# Exporting to dBase from Access



## Barrentine (Jan 12, 2003)

I'm a novice Access/database user with probably a novice problem. I am trying to export from Access to dBASE. I have followed the instructions for exporting data, searched the help function, the archives in this forum, and my books on Access and have not found the answer to my problem. When I try to save the query to a dBase file, I get a message that reads "field will not fit in record" I have the fields set up in the Access table exactly as the dBase user (my boss) described them. I have checked the fields in each record to see if the data is the correct size. The largest field is 34 and that is how my boss has it set up in his dBase tables. I have no idea how to proceed, and hope someone can help me. Thank you,


----------



## Anne Troy (Feb 14, 1999)

What is the full name and extension of the Access database file, and what version of Access are you using?

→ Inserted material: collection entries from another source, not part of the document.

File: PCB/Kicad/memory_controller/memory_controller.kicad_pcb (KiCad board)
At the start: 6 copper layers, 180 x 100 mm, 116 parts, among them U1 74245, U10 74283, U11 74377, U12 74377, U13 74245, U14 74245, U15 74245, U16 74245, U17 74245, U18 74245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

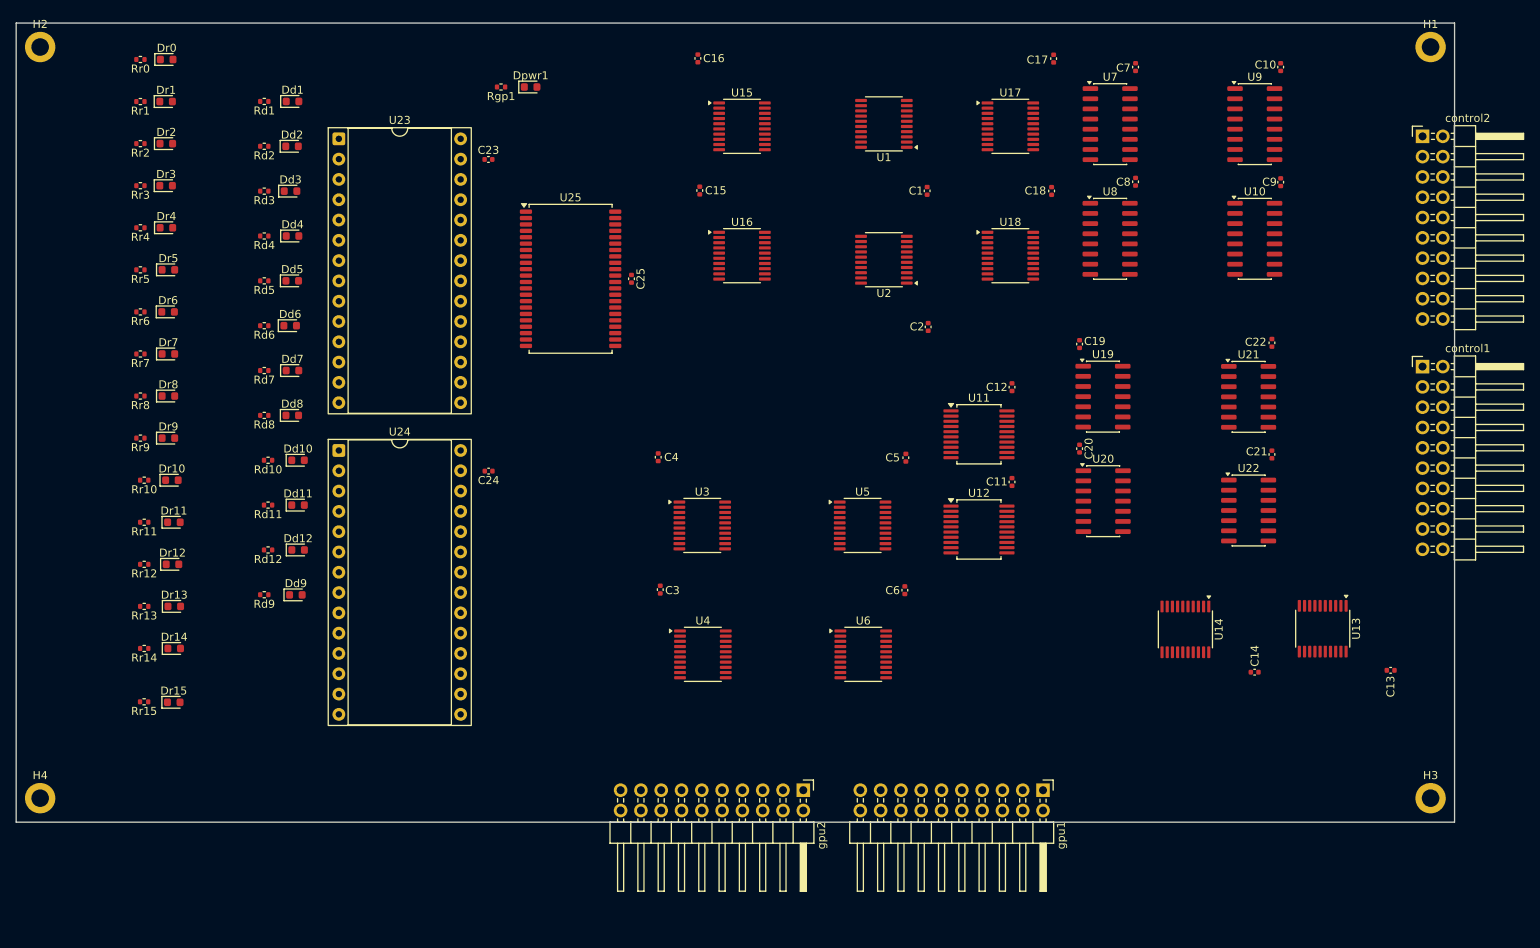
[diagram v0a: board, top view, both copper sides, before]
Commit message: routed control signals
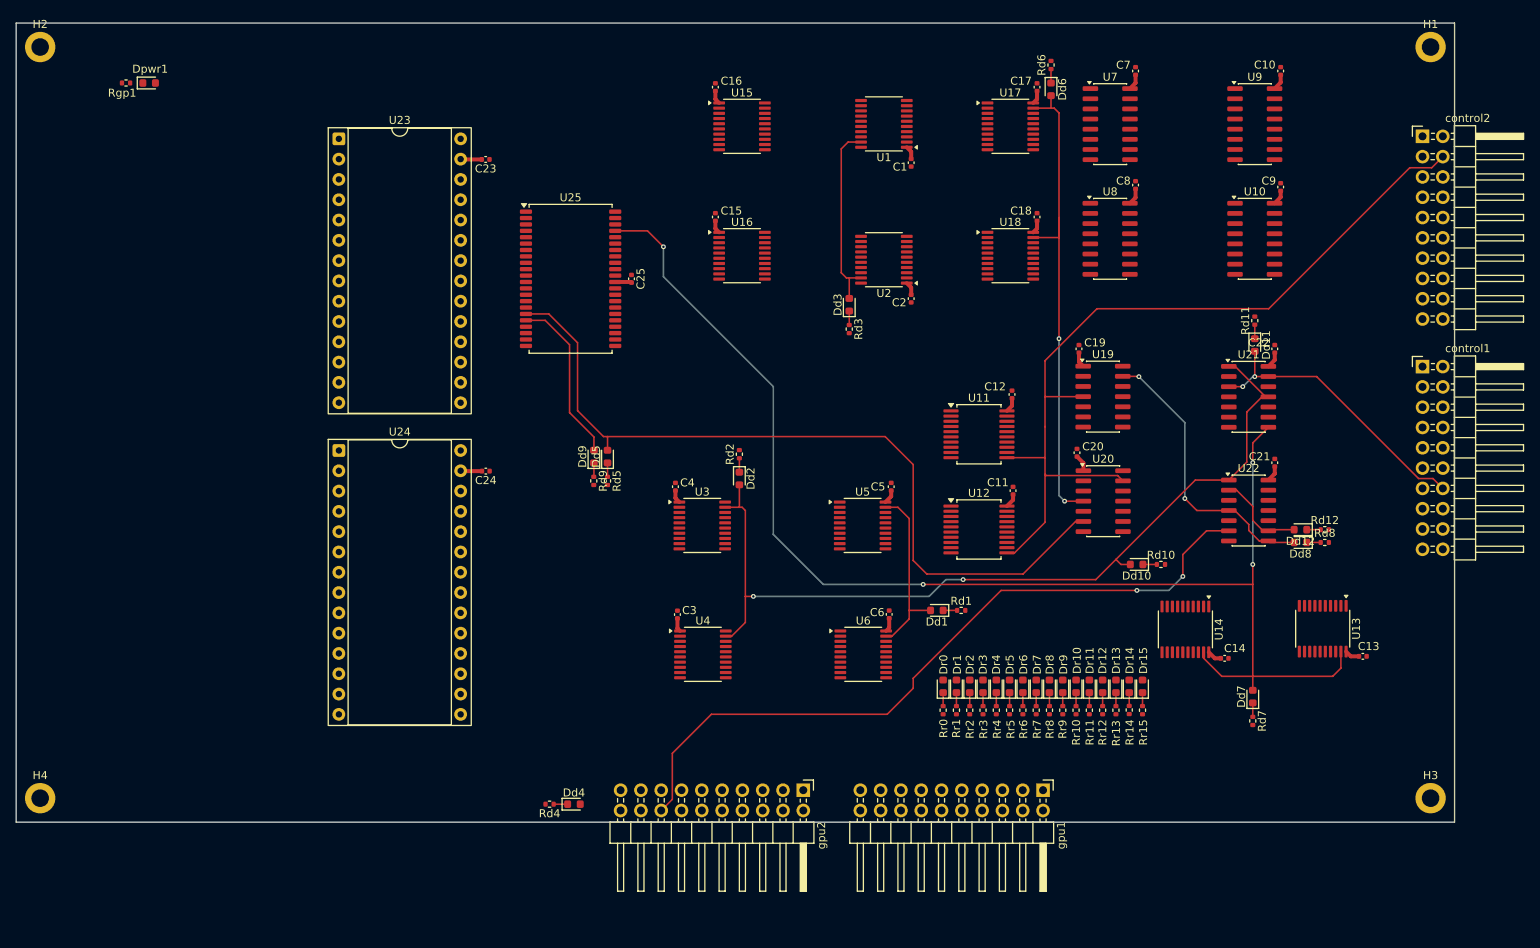
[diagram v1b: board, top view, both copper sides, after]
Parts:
- moved Rd8 133.7 mm to (263.8, 135.0), turned to 0 degrees
- moved Rd12 132.3 mm to (263.8, 133.4), turned to 0 degrees
- moved Rd7 131.2 mm to (254.8, 157.3), turned to -90 degrees
- moved Rr0 129.3 mm to (216.0, 156.0), turned to -90 degrees
- moved Rr1 127.4 mm to (217.7, 156.0), turned to -90 degrees
- moved Dd8 127.2 mm to (260.7, 135.0), turned to 180 degrees
- moved Dd7 126.9 mm to (254.8, 154.3), turned to 90 degrees
- moved Rr2 125.7 mm to (219.3, 156.0), turned to -90 degrees
- moved Rd11 125.6 mm to (255.0, 107.2), turned to 90 degrees
- moved Dd12 125.5 mm to (260.7, 133.4), turned to 180 degrees
- moved Rr15 124.9 mm to (240.9, 156.0), turned to -90 degrees
- moved Dr0 124.9 mm to (216.0, 153.0), turned to 90 degrees
- moved Rr3 124.2 mm to (221.0, 156.0), turned to -90 degrees
- moved Rr14 123.5 mm to (239.3, 156.0), turned to -90 degrees
- moved Dr1 123.0 mm to (217.7, 153.0), turned to 90 degrees
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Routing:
- net /~{OUTPUT_ENABLE}: track 0.00 -> 166.2 mm, vias 0 -> 4
- net /~{OE}_n: track 0.00 -> 110.7 mm, vias 0 -> 2
- net /CLK: track 0.00 -> 106.6 mm
- net /~{WE}_mem: track 0.00 -> 99.7 mm
- net /GPU_WE: track 0.00 -> 91.2 mm, vias 0 -> 2
- net /~{OE}_MUX_n: track 0.00 -> 62.0 mm, vias 0 -> 2
- net VCC: track 0.00 -> 47.7 mm
- net /MODE1: track 0.00 -> 36.3 mm, vias 0 -> 2
- net /WRITE_ENABLE: track 0.00 -> 36.1 mm, vias 0 -> 2
- net /OUTPUT_ENABLE: track 0.00 -> 23.6 mm
- net /~{OE}_p: track 0.00 -> 22.6 mm
- net /GPU_ADDR15: track 0.00 -> 21.2 mm
- net /MODE2: track 0.00 -> 11.4 mm
- net Net-(Dd9-K): track 0.00 -> 1.76 mm
- net Net-(Dd8-K): track 0.00 -> 1.75 mm
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
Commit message: bus start
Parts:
- moved Rd3 35.1 mm to (212.5, 74.2), turned to 90 degrees
- moved Dd3 29.2 mm to (212.5, 77.2), turned to -90 degrees
- moved C2 27.4 mm to (204.7, 78.0), turned to -90 degrees
- moved U1 17.3 mm to (208.1, 99.9), turned to 0 degrees
- moved U2 16.7 mm to (208.1, 82.9), turned to 0 degrees
- moved C1 10.5 mm to (204.7, 95.0), turned to -90 degrees
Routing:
- net /OUTPUT_ENABLE: track 23.6 -> 4.05 mm
- net /RegAddr/DATA_IN1: track 0.00 -> 14.7 mm, vias 0 -> 2
- net /RegAddr/DATA_IN9: track 0.00 -> 14.7 mm, vias 0 -> 2
- net /RegAddr/DATA_IN11: track 0.00 -> 14.6 mm, vias 0 -> 2
- net /RegAddr/DATA_IN3: track 0.00 -> 14.6 mm, vias 0 -> 2
- net /RegAddr/DATA_IN5: track 0.00 -> 14.6 mm, vias 0 -> 2
- net /RegAddr/DATA_IN13: track 0.00 -> 14.6 mm, vias 0 -> 2
- net /RegAddr/DATA_IN8: track 0.00 -> 14.6 mm, vias 0 -> 2
- net /RegAddr/DATA_IN0: track 0.00 -> 14.6 mm, vias 0 -> 2
- net /RegAddr/DATA_IN12: track 0.00 -> 14.6 mm, vias 0 -> 2
- net /RegAddr/DATA_IN7: track 0.00 -> 14.6 mm, vias 0 -> 2
- net /RegAddr/DATA_IN4: track 0.00 -> 14.6 mm, vias 0 -> 2
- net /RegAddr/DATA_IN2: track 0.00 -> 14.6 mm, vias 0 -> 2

How many tables do you have?
Have you tried exporting them to Excel and then into dBase instead? Might be faster than trying to figure out this problem.

There are two references to this error in the internet, but neither provides more than the error itself--there's nothing about how to get around it.


----------



## Barrentine (Jan 12, 2003)

Unfortunately, I am such a novice at this that I don't know the file name and extension. I'm using Access 2000. There is only one table. I did export to Excel, but when my boss tried to open in dbase the data was corrupted. 
Thank you for your reply.


----------



## Anne Troy (Feb 14, 1999)

After you open the Access database, hit File-Properties.


----------



## Barrentine (Jan 12, 2003)

Thanks, the file name is AASWG Membership2.MDB. Also there are 4 tables not one, but they are not linked.


----------



## AbvAvgUser (Oct 3, 2002)

I think its fairly simple. Try this in Access 2000.

- Select a table.
- Right click on it and click on Export.
- In the dialog box that opens, in Save as Type, select the .dbf format that you want.
- Select the path and file name (DBase III +, DBase IV, etc.)
- Click on Save.

I think that should do it. Anyway, have a look at the screen shots. (Please ignore the rawness in the arrangement of pictures, I am not good at art ).

Hope I have understood your problem correctly.


----------



## Barrentine (Jan 12, 2003)

thank you for all the trouble you went to to send the photos, however, that is where I would go and then when I hit save I get the message "field will not fit in record". Most confusing to me. Thanks


----------



## AbvAvgUser (Oct 3, 2002)

Dbase, etc. must be having some restrictions on maximum field width. Of course Access has a larger limit. One of your fields exceeds the maximum permissible characters in .dbf files.

Check the structure of tables and export it to an excel worksheet if necessary. From there I think you can transfer to a .dbf file. But you are likely to get the same error.

I think you will have to either divide the field into two smaller fields or be ready to lose some data


----------



## THoey (Feb 12, 2001)

I think ABV is on the right track. As a default, Access creates some rather large field sizes. I would go into design mode of your tables, look at the different field sizes, shorten any that you can, and try again...


----------



## Barrentine (Jan 12, 2003)

Thank to all for the help. The export to Excel and then dbase finally worked. Again, many thanks.


----------



## AbvAvgUser (Oct 3, 2002)

You are welcome!! Glad it is worked out as you wanted.


----------



## sfcucci (Mar 1, 2005)

I too am a beginner in access.
My issue is I need to modify the data in my table,
but it is too large to export into Excel.

Any suggestions?


----------